> _PROVIDED INFORMATION_
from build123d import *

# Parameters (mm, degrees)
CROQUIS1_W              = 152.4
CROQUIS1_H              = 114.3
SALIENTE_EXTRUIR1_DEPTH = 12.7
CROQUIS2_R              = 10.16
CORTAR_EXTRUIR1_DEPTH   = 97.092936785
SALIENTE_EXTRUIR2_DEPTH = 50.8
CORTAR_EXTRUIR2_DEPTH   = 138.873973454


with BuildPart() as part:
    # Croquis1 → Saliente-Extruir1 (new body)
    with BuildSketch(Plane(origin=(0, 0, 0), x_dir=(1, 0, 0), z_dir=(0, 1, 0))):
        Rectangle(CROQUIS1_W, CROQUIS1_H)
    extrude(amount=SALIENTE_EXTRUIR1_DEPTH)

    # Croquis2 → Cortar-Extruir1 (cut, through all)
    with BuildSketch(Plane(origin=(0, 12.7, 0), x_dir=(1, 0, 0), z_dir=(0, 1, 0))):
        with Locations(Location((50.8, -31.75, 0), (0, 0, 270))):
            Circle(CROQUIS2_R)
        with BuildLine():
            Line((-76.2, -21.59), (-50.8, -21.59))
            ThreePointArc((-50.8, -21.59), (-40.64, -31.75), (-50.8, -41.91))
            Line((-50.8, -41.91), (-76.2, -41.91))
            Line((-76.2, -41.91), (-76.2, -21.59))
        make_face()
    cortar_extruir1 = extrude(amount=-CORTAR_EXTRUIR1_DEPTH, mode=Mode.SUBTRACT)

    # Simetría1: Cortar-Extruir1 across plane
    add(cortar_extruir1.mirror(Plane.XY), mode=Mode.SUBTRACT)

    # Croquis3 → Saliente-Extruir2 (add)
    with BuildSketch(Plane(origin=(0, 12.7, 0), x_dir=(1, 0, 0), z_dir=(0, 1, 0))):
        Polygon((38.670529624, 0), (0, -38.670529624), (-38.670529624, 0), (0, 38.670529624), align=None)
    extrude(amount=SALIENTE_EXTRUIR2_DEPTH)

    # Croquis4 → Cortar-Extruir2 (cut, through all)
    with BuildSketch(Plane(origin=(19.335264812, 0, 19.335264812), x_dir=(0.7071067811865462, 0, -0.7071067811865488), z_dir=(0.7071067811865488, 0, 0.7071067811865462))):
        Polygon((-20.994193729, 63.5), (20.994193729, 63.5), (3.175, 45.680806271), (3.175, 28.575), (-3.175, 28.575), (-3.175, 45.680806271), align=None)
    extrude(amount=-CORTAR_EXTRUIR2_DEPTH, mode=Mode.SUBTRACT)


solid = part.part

> _WHAT IS BEING ASKED_
Everything in the listing should be written out exactly.

> _RESULT OF THE TASK_
from build123d import *

# Parameters (mm, degrees)
CROQUIS1_W              = 152.4
CROQUIS1_H              = 114.3
SALIENTE_EXTRUIR1_DEPTH = 12.7
CROQUIS2_R              = 10.16
CORTAR_EXTRUIR1_DEPTH   = 97.092936785
SALIENTE_EXTRUIR2_DEPTH = 50.8
CORTAR_EXTRUIR2_DEPTH   = 138.873973454


with BuildPart() as part:
    # Croquis1 → Saliente-Extruir1 (new body)
    with BuildSketch(Plane(origin=(0, 0, 0), x_dir=(1, 0, 0), z_dir=(0, 1, 0))):
        Rectangle(CROQUIS1_W, CROQUIS1_H)
    extrude(amount=SALIENTE_EXTRUIR1_DEPTH)

    # Croquis2 → Cortar-Extruir1 (cut, through all)
    with BuildSketch(Plane(origin=(0, 12.7, 0), x_dir=(1, 0, 0), z_dir=(0, 1, 0))):
        with Locations(Location((50.8, -31.75, 0), (0, 0, 270))):
            Circle(CROQUIS2_R)
        with BuildLine():
            Line((-76.2, -21.59), (-50.8, -21.59))
            ThreePointArc((-50.8, -21.59), (-40.64, -31.75), (-50.8, -41.91))
            Line((-50.8, -41.91), (-76.2, -41.91))
            Line((-76.2, -41.91), (-76.2, -21.59))
        make_face()
    cortar_extruir1 = extrude(amount=-CORTAR_EXTRUIR1_DEPTH, mode=Mode.SUBTRACT)

    # Simetría1: Cortar-Extruir1 across plane
    add(cortar_extruir1.mirror(Plane.XY), mode=Mode.SUBTRACT)

    # Croquis3 → Saliente-Extruir2 (add)
    with BuildSketch(Plane(origin=(0, 12.7, 0), x_dir=(1, 0, 0), z_dir=(0, 1, 0))):
        Polygon((38.670529624, 0), (0, -38.670529624), (-38.670529624, 0), (0, 38.670529624), align=None)
    extrude(amount=SALIENTE_EXTRUIR2_DEPTH)

    # Croquis4 → Cortar-Extruir2 (cut, through all)
    with BuildSketch(Plane(origin=(19.335264812, 0, 19.335264812), x_dir=(0.7071067811865462, 0, -0.7071067811865488), z_dir=(0.7071067811865488, 0, 0.7071067811865462))):
        Polygon((-20.994193729, 63.5), (20.994193729, 63.5), (3.175, 45.680806271), (3.175, 28.575), (-3.175, 28.575), (-3.175, 45.680806271), align=None)
    extrude(amount=-CORTAR_EXTRUIR2_DEPTH, mode=Mode.SUBTRACT)


solid = part.part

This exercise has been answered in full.